We focused on embryo grades and did not address the expansion stage of embryos. However, some studies showed that expansion stage did not have a significant impact on pregnancy rates and live birth rates (9, 12, 14, 16, 17). Other studies showed that embryo ploidy is a more important determinant of implantation potential than morphological grading and developmental rate (4, 24). PGT-A is the best available way to determine embryo ploidy and thus embryo quality. However, there are technical limitations associated with performing a biopsy on a TE grade C embryo due to sparse TE cells. In light of a subset of lower-grade embryos being euploid, and until TE grade C embryos can be reliably assessed for ploidy status with noninvasive PGT-A methods, one could consider transferring a TE grade C embryo while performing PGT-A on higher-quality embryos. In the absence of PGT-A, embryo grading by morphological assessment is a valuable clinical marker for selection of embryos for fresh or frozen transfer.

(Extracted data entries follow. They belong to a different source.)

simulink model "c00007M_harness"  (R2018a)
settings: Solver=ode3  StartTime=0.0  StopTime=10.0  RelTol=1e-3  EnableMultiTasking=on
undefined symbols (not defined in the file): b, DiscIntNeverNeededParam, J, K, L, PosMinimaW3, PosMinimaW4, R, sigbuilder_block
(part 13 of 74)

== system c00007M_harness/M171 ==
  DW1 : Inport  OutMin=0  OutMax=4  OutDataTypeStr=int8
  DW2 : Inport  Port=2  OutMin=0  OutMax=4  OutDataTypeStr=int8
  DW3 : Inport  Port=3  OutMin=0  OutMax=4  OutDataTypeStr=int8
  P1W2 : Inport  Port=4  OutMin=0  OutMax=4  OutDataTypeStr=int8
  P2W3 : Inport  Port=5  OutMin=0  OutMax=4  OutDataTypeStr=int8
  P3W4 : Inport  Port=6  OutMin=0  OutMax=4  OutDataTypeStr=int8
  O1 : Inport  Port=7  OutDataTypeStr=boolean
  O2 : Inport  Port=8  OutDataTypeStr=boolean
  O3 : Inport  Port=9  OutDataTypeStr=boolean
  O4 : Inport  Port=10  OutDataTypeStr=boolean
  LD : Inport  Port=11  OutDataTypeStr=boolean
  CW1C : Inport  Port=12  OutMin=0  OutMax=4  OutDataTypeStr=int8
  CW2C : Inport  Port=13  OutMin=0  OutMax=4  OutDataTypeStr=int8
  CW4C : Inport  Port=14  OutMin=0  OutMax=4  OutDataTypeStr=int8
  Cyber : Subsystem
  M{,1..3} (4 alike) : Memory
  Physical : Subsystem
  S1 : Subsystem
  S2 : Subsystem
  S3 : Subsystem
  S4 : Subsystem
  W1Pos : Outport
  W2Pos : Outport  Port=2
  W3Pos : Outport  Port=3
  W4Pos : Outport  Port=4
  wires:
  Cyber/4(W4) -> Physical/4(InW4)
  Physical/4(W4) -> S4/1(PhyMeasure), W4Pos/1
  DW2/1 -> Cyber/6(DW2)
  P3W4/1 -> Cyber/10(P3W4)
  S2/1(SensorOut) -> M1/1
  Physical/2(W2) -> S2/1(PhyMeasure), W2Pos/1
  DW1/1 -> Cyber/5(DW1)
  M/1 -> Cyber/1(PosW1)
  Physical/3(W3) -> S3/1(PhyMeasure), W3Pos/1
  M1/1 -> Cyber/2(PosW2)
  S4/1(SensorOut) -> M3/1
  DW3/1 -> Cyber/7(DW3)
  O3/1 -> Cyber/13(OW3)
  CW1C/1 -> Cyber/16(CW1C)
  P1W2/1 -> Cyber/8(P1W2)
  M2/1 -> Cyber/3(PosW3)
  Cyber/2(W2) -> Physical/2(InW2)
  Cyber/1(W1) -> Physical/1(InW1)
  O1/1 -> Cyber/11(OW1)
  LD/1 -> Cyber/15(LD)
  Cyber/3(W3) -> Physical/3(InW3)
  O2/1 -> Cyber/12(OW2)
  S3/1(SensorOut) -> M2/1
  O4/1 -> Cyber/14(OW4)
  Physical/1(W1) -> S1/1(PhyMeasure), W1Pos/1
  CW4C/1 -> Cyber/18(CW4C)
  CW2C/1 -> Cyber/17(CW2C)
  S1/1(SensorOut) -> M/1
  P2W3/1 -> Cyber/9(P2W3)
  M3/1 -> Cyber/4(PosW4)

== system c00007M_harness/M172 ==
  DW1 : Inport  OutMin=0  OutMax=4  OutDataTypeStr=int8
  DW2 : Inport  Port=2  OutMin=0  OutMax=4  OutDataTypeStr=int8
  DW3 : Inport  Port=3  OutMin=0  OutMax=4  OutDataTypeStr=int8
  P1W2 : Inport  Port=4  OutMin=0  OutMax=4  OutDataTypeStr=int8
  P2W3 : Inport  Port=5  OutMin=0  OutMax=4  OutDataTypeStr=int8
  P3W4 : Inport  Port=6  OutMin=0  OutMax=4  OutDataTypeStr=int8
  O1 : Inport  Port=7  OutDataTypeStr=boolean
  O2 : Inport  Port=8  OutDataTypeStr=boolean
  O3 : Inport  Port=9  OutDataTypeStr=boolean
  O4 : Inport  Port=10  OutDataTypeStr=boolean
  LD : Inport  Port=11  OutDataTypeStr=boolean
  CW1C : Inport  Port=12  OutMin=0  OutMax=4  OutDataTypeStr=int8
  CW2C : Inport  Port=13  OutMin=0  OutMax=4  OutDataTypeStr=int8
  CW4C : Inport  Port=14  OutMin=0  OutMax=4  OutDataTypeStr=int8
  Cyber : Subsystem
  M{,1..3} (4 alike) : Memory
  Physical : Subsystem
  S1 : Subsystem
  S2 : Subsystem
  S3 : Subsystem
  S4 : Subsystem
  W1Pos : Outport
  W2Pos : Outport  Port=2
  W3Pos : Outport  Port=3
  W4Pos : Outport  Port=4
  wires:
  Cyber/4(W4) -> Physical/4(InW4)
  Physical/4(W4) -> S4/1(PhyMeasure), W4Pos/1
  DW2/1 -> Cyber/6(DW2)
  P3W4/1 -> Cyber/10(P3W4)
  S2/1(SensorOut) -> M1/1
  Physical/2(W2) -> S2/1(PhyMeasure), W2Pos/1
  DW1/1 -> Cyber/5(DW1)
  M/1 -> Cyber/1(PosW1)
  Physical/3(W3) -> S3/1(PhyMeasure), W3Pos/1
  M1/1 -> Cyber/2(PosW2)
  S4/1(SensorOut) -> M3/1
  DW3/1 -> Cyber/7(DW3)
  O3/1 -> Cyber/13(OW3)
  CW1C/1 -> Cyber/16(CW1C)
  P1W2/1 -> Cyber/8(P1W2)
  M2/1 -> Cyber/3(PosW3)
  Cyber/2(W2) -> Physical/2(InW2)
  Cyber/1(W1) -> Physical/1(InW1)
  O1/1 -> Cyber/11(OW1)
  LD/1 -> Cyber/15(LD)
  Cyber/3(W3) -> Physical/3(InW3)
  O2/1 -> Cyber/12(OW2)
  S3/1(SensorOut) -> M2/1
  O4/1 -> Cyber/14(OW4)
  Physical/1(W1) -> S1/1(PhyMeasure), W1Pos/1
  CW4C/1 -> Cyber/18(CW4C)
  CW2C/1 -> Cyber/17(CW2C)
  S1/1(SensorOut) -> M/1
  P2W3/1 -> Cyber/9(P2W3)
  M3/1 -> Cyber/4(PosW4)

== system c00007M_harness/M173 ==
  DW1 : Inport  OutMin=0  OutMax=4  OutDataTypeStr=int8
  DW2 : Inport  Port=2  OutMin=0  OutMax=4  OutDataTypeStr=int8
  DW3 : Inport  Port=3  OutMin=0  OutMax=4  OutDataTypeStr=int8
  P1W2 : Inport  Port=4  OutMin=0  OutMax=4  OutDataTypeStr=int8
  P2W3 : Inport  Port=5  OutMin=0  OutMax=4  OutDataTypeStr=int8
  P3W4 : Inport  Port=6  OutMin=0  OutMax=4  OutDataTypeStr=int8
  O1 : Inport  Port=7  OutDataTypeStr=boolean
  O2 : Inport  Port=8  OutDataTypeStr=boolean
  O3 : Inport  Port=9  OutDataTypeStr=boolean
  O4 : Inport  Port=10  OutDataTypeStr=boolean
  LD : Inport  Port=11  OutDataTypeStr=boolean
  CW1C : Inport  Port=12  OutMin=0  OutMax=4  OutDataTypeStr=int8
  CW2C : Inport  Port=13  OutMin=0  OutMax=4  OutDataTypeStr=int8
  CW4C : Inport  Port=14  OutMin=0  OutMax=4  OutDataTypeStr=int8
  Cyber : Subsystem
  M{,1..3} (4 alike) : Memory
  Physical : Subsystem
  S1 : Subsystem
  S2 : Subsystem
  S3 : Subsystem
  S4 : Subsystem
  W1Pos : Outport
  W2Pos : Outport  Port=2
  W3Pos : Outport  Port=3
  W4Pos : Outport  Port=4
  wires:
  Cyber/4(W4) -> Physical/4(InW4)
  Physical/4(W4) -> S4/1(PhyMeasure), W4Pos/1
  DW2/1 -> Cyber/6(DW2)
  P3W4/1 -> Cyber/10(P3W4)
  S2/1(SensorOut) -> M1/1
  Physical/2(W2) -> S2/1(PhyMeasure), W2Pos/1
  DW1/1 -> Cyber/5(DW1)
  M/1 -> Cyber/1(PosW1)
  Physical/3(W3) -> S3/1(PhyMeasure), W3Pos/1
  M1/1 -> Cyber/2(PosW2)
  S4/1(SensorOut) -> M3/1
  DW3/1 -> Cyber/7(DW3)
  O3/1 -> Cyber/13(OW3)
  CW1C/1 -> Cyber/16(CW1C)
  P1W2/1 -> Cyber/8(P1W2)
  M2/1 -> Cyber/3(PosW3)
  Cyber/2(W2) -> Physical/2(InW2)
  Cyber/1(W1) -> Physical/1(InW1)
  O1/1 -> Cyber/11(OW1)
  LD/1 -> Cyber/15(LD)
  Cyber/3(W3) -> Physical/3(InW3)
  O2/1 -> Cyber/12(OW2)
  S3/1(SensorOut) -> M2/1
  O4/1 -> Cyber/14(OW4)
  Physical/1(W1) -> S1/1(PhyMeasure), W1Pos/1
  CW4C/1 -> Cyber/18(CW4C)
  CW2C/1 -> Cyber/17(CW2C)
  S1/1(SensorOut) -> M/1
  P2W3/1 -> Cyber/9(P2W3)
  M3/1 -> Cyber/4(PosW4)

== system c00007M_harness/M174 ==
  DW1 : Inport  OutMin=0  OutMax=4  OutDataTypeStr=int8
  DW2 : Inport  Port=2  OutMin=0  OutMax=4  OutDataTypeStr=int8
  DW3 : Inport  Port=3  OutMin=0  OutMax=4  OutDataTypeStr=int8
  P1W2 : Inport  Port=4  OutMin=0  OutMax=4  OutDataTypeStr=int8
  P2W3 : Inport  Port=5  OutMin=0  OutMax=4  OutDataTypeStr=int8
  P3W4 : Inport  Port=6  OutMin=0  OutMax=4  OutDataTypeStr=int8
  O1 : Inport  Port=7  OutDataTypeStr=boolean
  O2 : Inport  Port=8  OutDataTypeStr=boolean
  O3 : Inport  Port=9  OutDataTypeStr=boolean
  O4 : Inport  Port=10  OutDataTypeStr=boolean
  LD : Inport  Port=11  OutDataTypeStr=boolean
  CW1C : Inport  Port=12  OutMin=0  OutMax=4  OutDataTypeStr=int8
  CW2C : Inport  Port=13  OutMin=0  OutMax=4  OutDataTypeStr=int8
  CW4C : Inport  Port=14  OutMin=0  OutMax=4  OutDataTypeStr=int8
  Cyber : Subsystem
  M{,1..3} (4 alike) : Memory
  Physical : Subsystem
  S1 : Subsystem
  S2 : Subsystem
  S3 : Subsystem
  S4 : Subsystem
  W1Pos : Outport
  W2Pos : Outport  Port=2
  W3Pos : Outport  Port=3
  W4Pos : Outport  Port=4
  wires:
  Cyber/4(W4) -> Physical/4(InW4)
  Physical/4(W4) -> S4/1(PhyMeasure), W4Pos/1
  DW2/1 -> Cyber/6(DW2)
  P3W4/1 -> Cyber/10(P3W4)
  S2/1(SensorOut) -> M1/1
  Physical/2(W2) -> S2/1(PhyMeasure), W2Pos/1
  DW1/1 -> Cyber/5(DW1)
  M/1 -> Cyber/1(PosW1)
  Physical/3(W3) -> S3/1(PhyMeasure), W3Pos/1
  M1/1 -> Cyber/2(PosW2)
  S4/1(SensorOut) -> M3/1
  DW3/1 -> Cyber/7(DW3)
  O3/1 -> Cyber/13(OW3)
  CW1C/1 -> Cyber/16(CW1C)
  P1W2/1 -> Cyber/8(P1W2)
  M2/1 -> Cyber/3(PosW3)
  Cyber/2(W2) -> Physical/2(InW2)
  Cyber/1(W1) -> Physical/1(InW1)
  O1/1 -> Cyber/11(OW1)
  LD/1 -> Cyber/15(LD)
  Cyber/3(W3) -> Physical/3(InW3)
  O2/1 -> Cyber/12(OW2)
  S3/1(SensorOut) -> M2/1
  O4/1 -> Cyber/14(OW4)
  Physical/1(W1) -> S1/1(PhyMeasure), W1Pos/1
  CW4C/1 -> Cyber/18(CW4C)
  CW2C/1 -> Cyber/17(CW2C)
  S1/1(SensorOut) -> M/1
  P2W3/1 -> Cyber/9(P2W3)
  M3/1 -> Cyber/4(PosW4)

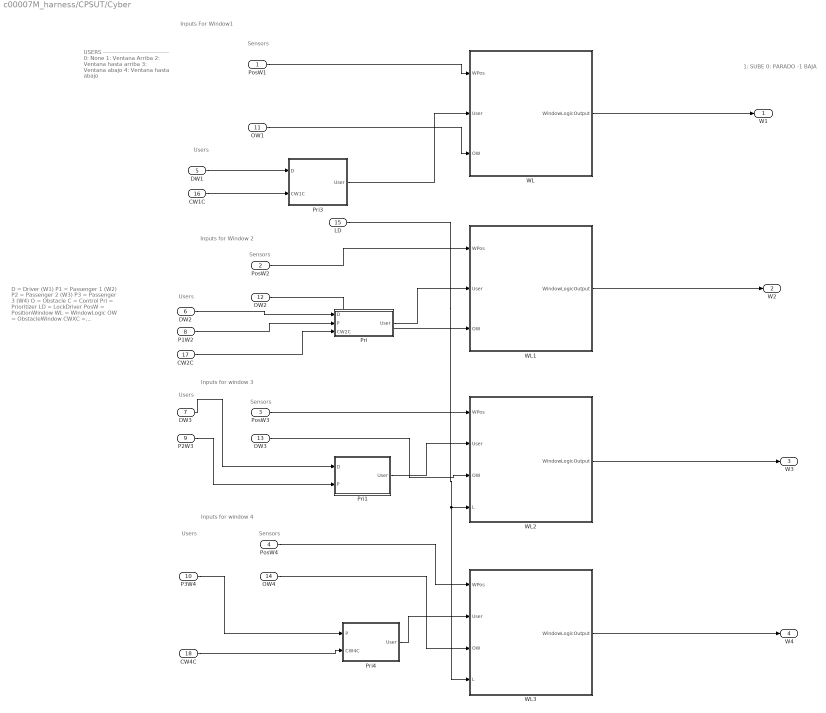
== system c00007M_harness/CPSUT/Cyber ==
  note: D = Driver (W1)
      | P1 = Passenger 1 (W2)
      | P2 = Passenger 2 (W3)
      | P3 = Passenger 3 (W4)
      | O = Obstacle
      | C = Control
      | Pri = Prioritizer
      | LD = LockDriver
      | PosW = PositionWindow
      | WL = WindowLogic
      | OW = ObstacleWindow
      | CWXC = ControlWindowXCentralized
      | S = Sensor
      | L = Lock
      | WPos = WindowPosition
      | M = Memory
      | InW = InputWindow
      | WIn = WindowInput
  note: 1: SUBE
      | 0: PARADO
      | -1 BAJA
  note: USERS
      | ---------------------------------
      | 0: None
      | 1: Ventana Arriba
      | 2: Ventana hasta arriba
      | 3: Ventana abajo
      | 4: Ventana hasta abajo
  note: Sensors
  note: Users
  note: Sensors
  note: Users
  note: Sensors
  note: Users
  note: Users
  note: Inputs for window 4
  note: Inputs for window 3
  note: Inputs for Window 2
  note: Inputs For Window1
  note: Sensors
  PosW1 : Inport
  PosW2 : Inport  Port=2
  PosW3 : Inport  Port=3
  PosW4 : Inport  Port=4
  DW1 : Inport  Port=5
  DW2 : Inport  Port=6
  DW3 : Inport  Port=7
  P1W2 : Inport  Port=8
  P2W3 : Inport  Port=9
  P3W4 : Inport  Port=10
  OW1 : Inport  Port=11
  OW2 : Inport  Port=12
  OW3 : Inport  Port=13
  OW4 : Inport  Port=14
  LD : Inport  Port=15
  CW1C : Inport  Port=16
  CW2C : Inport  Port=17
  CW4C : Inport  Port=18
  Pri : Subsystem
  Pri1 : Subsystem
  Pri3 : Subsystem
  Pri4 : Subsystem
  WL : Subsystem
  WL1 : Subsystem
  WL2 : Subsystem
  WL3 : Subsystem
  W1 : Outport
  W2 : Outport  Port=2
  W3 : Outport  Port=3
  W4 : Outport  Port=4
  wires:
  LD/1 -> WL3/4(L), WL2/4(L)
  PosW1/1 -> WL/1(WPos)
  OW1/1 -> WL/3(OW)
  DW1/1 -> Pri3/1(D)
  WL/1(WindowLogicOutput) -> W1/1
  Pri/1(User) -> WL1/2(User)
  DW2/1 -> Pri/1(D)
  P1W2/1 -> Pri/2(P)
  PosW2/1 -> WL1/1(WPos)
  OW2/1 -> WL1/3(OW)
  WL1/1(WindowLogicOutput) -> W2/1
  Pri1/1(User) -> WL2/2(User)
  PosW3/1 -> WL2/1(WPos)
  OW3/1 -> WL2/3(OW)
  DW3/1 -> Pri1/1(D)
  P2W3/1 -> Pri1/2(P)
  P3W4/1 -> Pri4/1(P)
  PosW4/1 -> WL3/1(WPos)
  OW4/1 -> WL3/3(OW)
  Pri4/1(User) -> WL3/2(User)
  WL2/1(WindowLogicOutput) -> W3/1
  WL3/1(WindowLogicOutput) -> W4/1
  Pri3/1(User) -> WL/2(User)
  CW1C/1 -> Pri3/2(CW1C)
  CW2C/1 -> Pri/3(CW2C)
  CW4C/1 -> Pri4/2(CW4C)

== system c00007M_harness/CPSUT/Physical ==
  InW1 : Inport
  InW2 : Inport  Port=2
  InW3 : Inport  Port=3
  InW4 : Inport  Port=4
  W : Subsystem
  W5 : Subsystem
  W6 : Subsystem
  W7 : Subsystem
  W1 : Outport
  W2 : Outport  Port=2
  W3 : Outport  Port=3
  W4 : Outport  Port=4
  wires:
  InW1/1 -> W/1(WIn)
  InW2/1 -> W5/1(WIn)
  InW3/1 -> W6/1(WIn)
  InW4/1 -> W7/1(WIn)
  W/1(WPos) -> W1/1
  W5/1(WPos) -> W2/1
  W6/1(WPos) -> W3/1
  W7/1(WPos) -> W4/1

== system c00007M_harness/CPSUT/S1 ==
  PhyMeasure : Inport
  SensorOut : Outport
  wires:
  PhyMeasure/1 -> SensorOut/1

== system c00007M_harness/CPSUT/S2 ==
  PhyMeasure : Inport
  SensorOut : Outport
  wires:
  PhyMeasure/1 -> SensorOut/1

== system c00007M_harness/CPSUT/S3 ==
  PhyMeasure : Inport
  SensorOut : Outport
  wires:
  PhyMeasure/1 -> SensorOut/1

== system c00007M_harness/CPSUT/S4 ==
  PhyMeasure : Inport
  SensorOut : Outport
  wires:
  PhyMeasure/1 -> SensorOut/1

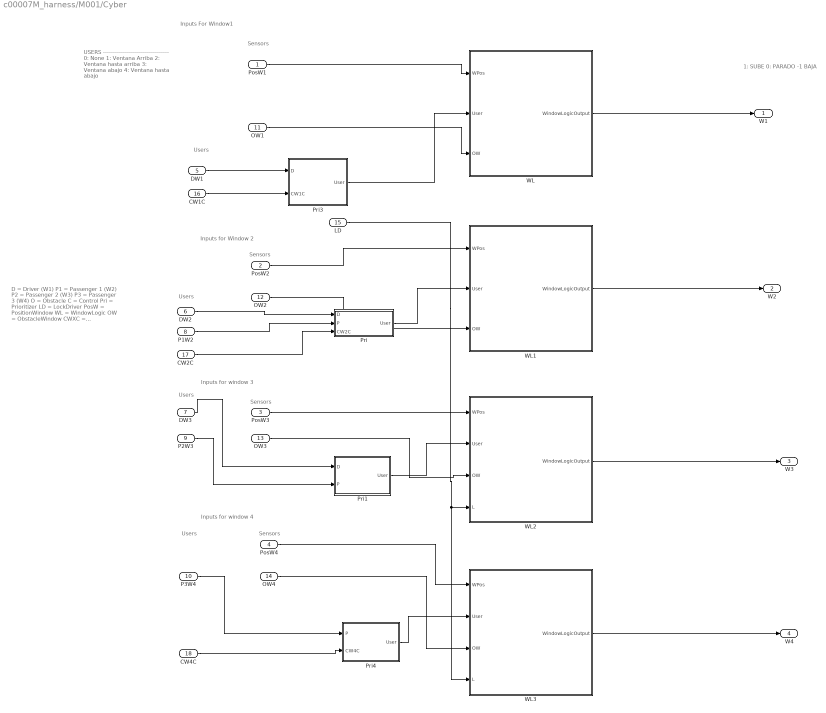
== system c00007M_harness/M001/Cyber ==
  note: D = Driver (W1)
      | P1 = Passenger 1 (W2)
      | P2 = Passenger 2 (W3)
      | P3 = Passenger 3 (W4)
      | O = Obstacle
      | C = Control
      | Pri = Prioritizer
      | LD = LockDriver
      | PosW = PositionWindow
      | WL = WindowLogic
      | OW = ObstacleWindow
      | CWXC = ControlWindowXCentralized
      | S = Sensor
      | L = Lock
      | WPos = WindowPosition
      | M = Memory
      | InW = InputWindow
      | WIn = WindowInput
  note: 1: SUBE
      | 0: PARADO
      | -1 BAJA
  note: USERS
      | ---------------------------------
      | 0: None
      | 1: Ventana Arriba
      | 2: Ventana hasta arriba
      | 3: Ventana abajo
      | 4: Ventana hasta abajo
  note: Sensors
  note: Users
  note: Sensors
  note: Users
  note: Sensors
  note: Users
  note: Users
  note: Inputs for window 4
  note: Inputs for window 3
  note: Inputs for Window 2
  note: Inputs For Window1
  note: Sensors
  PosW1 : Inport
  PosW2 : Inport  Port=2
  PosW3 : Inport  Port=3
  PosW4 : Inport  Port=4
  DW1 : Inport  Port=5
  DW2 : Inport  Port=6
  DW3 : Inport  Port=7
  P1W2 : Inport  Port=8
  P2W3 : Inport  Port=9
  P3W4 : Inport  Port=10
  OW1 : Inport  Port=11
  OW2 : Inport  Port=12
  OW3 : Inport  Port=13
  OW4 : Inport  Port=14
  LD : Inport  Port=15
  CW1C : Inport  Port=16
  CW2C : Inport  Port=17
  CW4C : Inport  Port=18
  Pri : Subsystem
  Pri1 : Subsystem
  Pri3 : Subsystem
  Pri4 : Subsystem
  WL : Subsystem
  WL1 : Subsystem
  WL2 : Subsystem
  WL3 : Subsystem
  W1 : Outport
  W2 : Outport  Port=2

In conclusion, embryos with a TE “C” grade by morphological assessment should be considered for transfer and cryopreservation, as they are shown to result in appreciable live birth rates. However, these live birth rates are significantly lower than those achieved with higher-grade embryos. Our findings encourage a thorough discussion with patients to prepare their expectations of success based on the quality of the embryo being transferred.